= Christl Verduyn =

Canadian academic (born 1953)

Christl Verduyn (born 1953) is Professor of English Literature and Canadian Studies at Mount Allison University. She is the 2006 recipient of the Governor General's International Award for Canadian Studies, awarded by the International Council for Canadian Studies. She is cited in particular for the integration of her scholarship with the larger community and for exceptional contributions to the study of Canadian women's writing, in both English and French.

==Biography==
Verduyn is a graduate of Trent University in Peterborough, Ontario. She received her MA and PhD in Quebec literature from the University of Ottawa. She is a former president (2002) of the Association for Canadian Studies. Her published scholarship includes a number of edited collections of significant correspondence or articles, including Asian Canadian Writing: Beyond Autoethnography (with Eleanor Ty, Wilfrid Laurier University Press, 2008), Must Write: Edna Staebler's Diaries (Wilfrid Laurier University Press, 2005), Marian Engel: A Life in Letters (with Kathleen Garay, University of Toronto Press, 2004), Aritha van Herk: Essays on her Works (Guernica, 2001), Marian Engel's Notebooks (Wilfrid Laurier University Press, 1999), Lifelines: Marian Engel's Writings (McGill-Queen's University Press, 1995) and Dear Marian, Dear Hugh: The MacLennan-Engel Correspondence (University of Ottawa Press, 1995).
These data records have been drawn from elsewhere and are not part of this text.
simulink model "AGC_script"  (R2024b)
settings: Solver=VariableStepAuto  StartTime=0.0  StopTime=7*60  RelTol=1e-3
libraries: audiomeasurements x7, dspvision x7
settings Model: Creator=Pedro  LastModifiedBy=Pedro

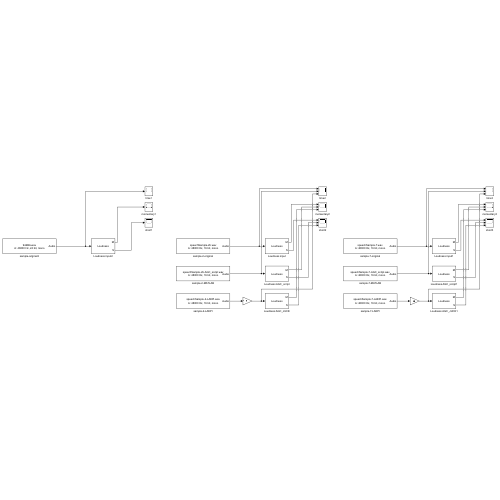
[thumbnail: Simulink's stored preview of the top-level diagram]
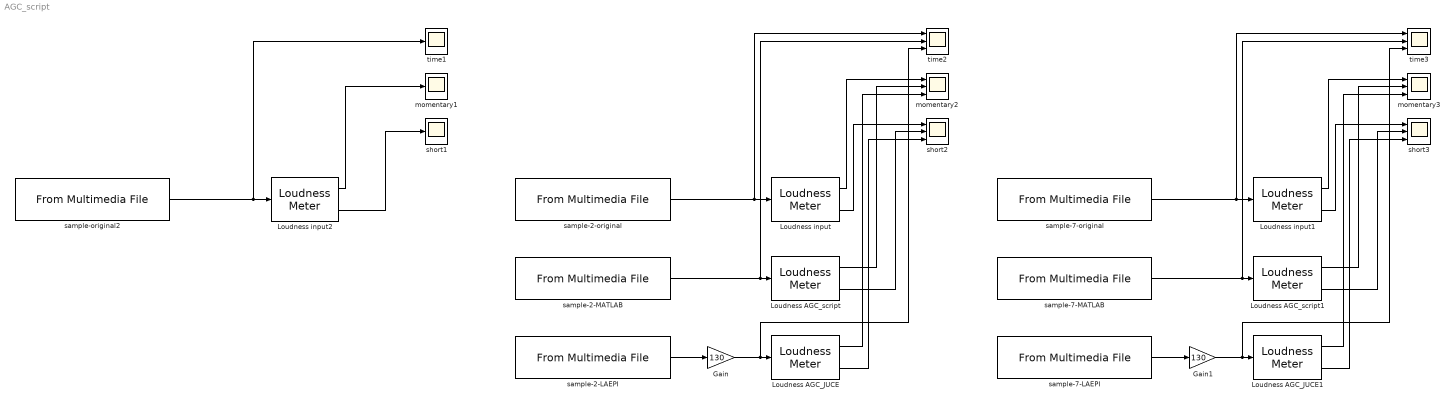
== system AGC_script ==
  Gain : Gain  Gain=130
  Gain1 : Gain  Gain=130
  Loudness AGC_JUCE : audiomeasurements/Loudness Meter  ChannelWeights=[ 1, 1, 1, 1.41, 1.41 ]  UseRelativeScale=off  TargetLoudness=-23.0  OutputTruePeak=off  InheritSampleRate=off  SampleRate=48000  SimulateUsing=Interpreted execution
  Loudness AGC_JUCE1 : audiomeasurements/Loudness Meter  ChannelWeights=[ 1, 1, 1, 1.41, 1.41 ]  UseRelativeScale=off  TargetLoudness=-23.0  OutputTruePeak=off  InheritSampleRate=off  SampleRate=48000  SimulateUsing=Interpreted execution
  Loudness AGC_script : audiomeasurements/Loudness Meter  ChannelWeights=[ 1, 1, 1, 1.41, 1.41 ]  UseRelativeScale=off  TargetLoudness=-23.0  OutputTruePeak=off  InheritSampleRate=off  SampleRate=48000  SimulateUsing=Interpreted execution
  Loudness AGC_script1 : audiomeasurements/Loudness Meter  ChannelWeights=[ 1, 1, 1, 1.41, 1.41 ]  UseRelativeScale=off  TargetLoudness=-23.0  OutputTruePeak=off  InheritSampleRate=off  SampleRate=48000  SimulateUsing=Interpreted execution
  Loudness input : audiomeasurements/Loudness Meter  ChannelWeights=[ 1, 1, 1, 1.41, 1.41 ]  UseRelativeScale=off  TargetLoudness=-23.0  OutputTruePeak=off  InheritSampleRate=off  SampleRate=48000  SimulateUsing=Interpreted execution
  Loudness input1 : audiomeasurements/Loudness Meter  ChannelWeights=[ 1, 1, 1, 1.41, 1.41 ]  UseRelativeScale=off  TargetLoudness=-23.0  OutputTruePeak=off  InheritSampleRate=off  SampleRate=48000  SimulateUsing=Interpreted execution
  Loudness input2 : audiomeasurements/Loudness Meter  ChannelWeights=[ 1, 1, 1, 1.41, 1.41 ]  UseRelativeScale=off  TargetLoudness=-23.0  OutputTruePeak=off  InheritSampleRate=off  SampleRate=48000  SimulateUsing=Interpreted execution
  momentary1 : Scope
  momentary2 : Scope  NumInputPorts=3
  momentary3 : Scope  NumInputPorts=3
  sample-2-LAEPI : dspvision/From Multimedia File  inputFilename=C:\Users\Pedro\My Drive\25.1\Projeto Integrador\MATLAB\teste-5\samples\speechSample-2-LAEPI.wav  readRange=[1 Inf]  loop=on  numPlays=1  outputStreams=Audio only  videoDataType=single  audioDataType=double  inheritSampleTime=on  userDefinedSampleTime=1/30  noAudioOutput=off  isIntensityVideo=off  fourcc=RGB  colorVideoFormat=Separate color signals  outputEOF=off  dataOrg=Column-major  audioFrameSize=1024  computeAudioFrameSize=off  outSamplingMode=Sample based
      settings: LibrarySourceBlock=audiosources/From Multimedia File
  sample-2-MATLAB : dspvision/From Multimedia File  inputFilename=C:\Users\Pedro\My Drive\25.1\Projeto Integrador\MATLAB\teste-5\samples\speechSample-2b-AGC_script.wav  readRange=[1 Inf]  loop=on  numPlays=1  outputStreams=Audio only  videoDataType=single  audioDataType=double  inheritSampleTime=on  userDefinedSampleTime=1/30  noAudioOutput=off  isIntensityVideo=off  fourcc=RGB  colorVideoFormat=Separate color signals  outputEOF=off  dataOrg=Column-major  audioFrameSize=1024  computeAudioFrameSize=off  outSamplingMode=Sample based
      settings: LibrarySourceBlock=audiosources/From Multimedia File
  sample-2-original : dspvision/From Multimedia File  inputFilename=C:\Users\Pedro\My Drive\25.1\Projeto Integrador\MATLAB\teste-5\samples\speechSample-2b.wav  readRange=[1 Inf]  loop=on  numPlays=1  outputStreams=Audio only  videoDataType=single  audioDataType=double  inheritSampleTime=on  userDefinedSampleTime=1/30  noAudioOutput=off  isIntensityVideo=off  fourcc=RGB  colorVideoFormat=Separate color signals  outputEOF=off  dataOrg=Column-major  audioFrameSize=1024  computeAudioFrameSize=off  outSamplingMode=Sample based
      settings: LibrarySourceBlock=audiosources/From Multimedia File
  sample-7-LAEPI : dspvision/From Multimedia File  inputFilename=C:\Users\Pedro\My Drive\25.1\Projeto Integrador\MATLAB\teste-5\samples\speechSample-7-LAEPI.wav  readRange=[1 Inf]  loop=on  numPlays=1  outputStreams=Audio only  videoDataType=single  audioDataType=double  inheritSampleTime=on  userDefinedSampleTime=1/30  noAudioOutput=off  isIntensityVideo=off  fourcc=RGB  colorVideoFormat=Separate color signals  outputEOF=off  dataOrg=Column-major  audioFrameSize=1024  computeAudioFrameSize=off  outSamplingMode=Sample based
      settings: LibrarySourceBlock=audiosources/From Multimedia File
  sample-7-MATLAB : dspvision/From Multimedia File  inputFilename=C:\Users\Pedro\My Drive\25.1\Projeto Integrador\MATLAB\teste-5\samples\speechSample-7-AGC_script.wav  readRange=[1 Inf]  loop=on  numPlays=1  outputStreams=Audio only  videoDataType=single  audioDataType=double  inheritSampleTime=on  userDefinedSampleTime=1/30  noAudioOutput=off  isIntensityVideo=off  fourcc=RGB  colorVideoFormat=Separate color signals  outputEOF=off  dataOrg=Column-major  audioFrameSize=1024  computeAudioFrameSize=off  outSamplingMode=Sample based
      settings: LibrarySourceBlock=audiosources/From Multimedia File
  sample-7-original : dspvision/From Multimedia File  inputFilename=C:\Users\Pedro\My Drive\25.1\Projeto Integrador\MATLAB\teste-5\samples\speechSample-7.wav  readRange=[1 Inf]  loop=on  numPlays=1  outputStreams=Audio only  videoDataType=single  audioDataType=double  inheritSampleTime=on  userDefinedSampleTime=1/30  noAudioOutput=off  isIntensityVideo=off  fourcc=RGB  colorVideoFormat=Separate color signals  outputEOF=off  dataOrg=Column-major  audioFrameSize=1024  computeAudioFrameSize=off  outSamplingMode=Sample based
      settings: LibrarySourceBlock=audiosources/From Multimedia File
  sample-original2 : dspvision/From Multimedia File  inputFilename=C:\Users\Pedro\My Drive\25.1\Projeto Integrador\MATLAB\teste-5\samples\94dBA.wav  readRange=[1 Inf]  loop=on  numPlays=inf  outputStreams=Audio only  videoDataType=single  audioDataType=double  inheritSampleTime=on  userDefinedSampleTime=1/30  noAudioOutput=off  isIntensityVideo=off  fourcc=RGB  colorVideoFormat=Separate color signals  outputEOF=off  dataOrg=Column-major  audioFrameSize=1024  computeAudioFrameSize=off  outSamplingMode=Sample based
      settings: LibrarySourceBlock=audiosources/From Multimedia File
  short1 : Scope
  short2 : Scope  NumInputPorts=3
  short3 : Scope  NumInputPorts=3
  time1 : Scope
  time2 : Scope  NumInputPorts=3
  time3 : Scope  NumInputPorts=3
  wires:
  sample-2-LAEPI/1 -> Gain/1
  sample-2-MATLAB/1 -> time2/2, Loudness AGC_script/1
  sample-2-original/1 -> time2/1, Loudness input/1
  Loudness AGC_JUCE/2 -> short2/3
  Loudness input/1 -> momentary2/1
  Loudness AGC_script/1 -> momentary2/2
  Loudness AGC_JUCE/1 -> momentary2/3
  Loudness input/2 -> short2/1
  Loudness AGC_script/2 -> short2/2
  Loudness AGC_script1/1 -> momentary3/2
  Loudness input1/2 -> short3/1
  Loudness AGC_JUCE1/2 -> short3/3
  Loudness AGC_script1/2 -> short3/2
  sample-7-MATLAB/1 -> time3/2, Loudness AGC_script1/1
  Loudness input1/1 -> momentary3/1
  sample-7-LAEPI/1 -> Gain1/1
  Loudness AGC_JUCE1/1 -> momentary3/3
  sample-7-original/1 -> time3/1, Loudness input1/1
  Loudness input2/2 -> short1/1
  Loudness input2/1 -> momentary1/1
  sample-original2/1 -> time1/1, Loudness input2/1
  Gain/1 -> time2/3, Loudness AGC_JUCE/1
  Gain1/1 -> time3/3, Loudness AGC_JUCE1/1

She is also a widely published poet, including the collection Silt (Guernica, 2002).

In 2006, Verduyn was elected as a Fellow of the Royal Society of Canada.

Verduyn was appointed a Member of the Order of Canada in December 2017 "for her contributions to Canadian studies, notably as a professor and author, and for her commitment to making Canadian literature accessible to a broader audience."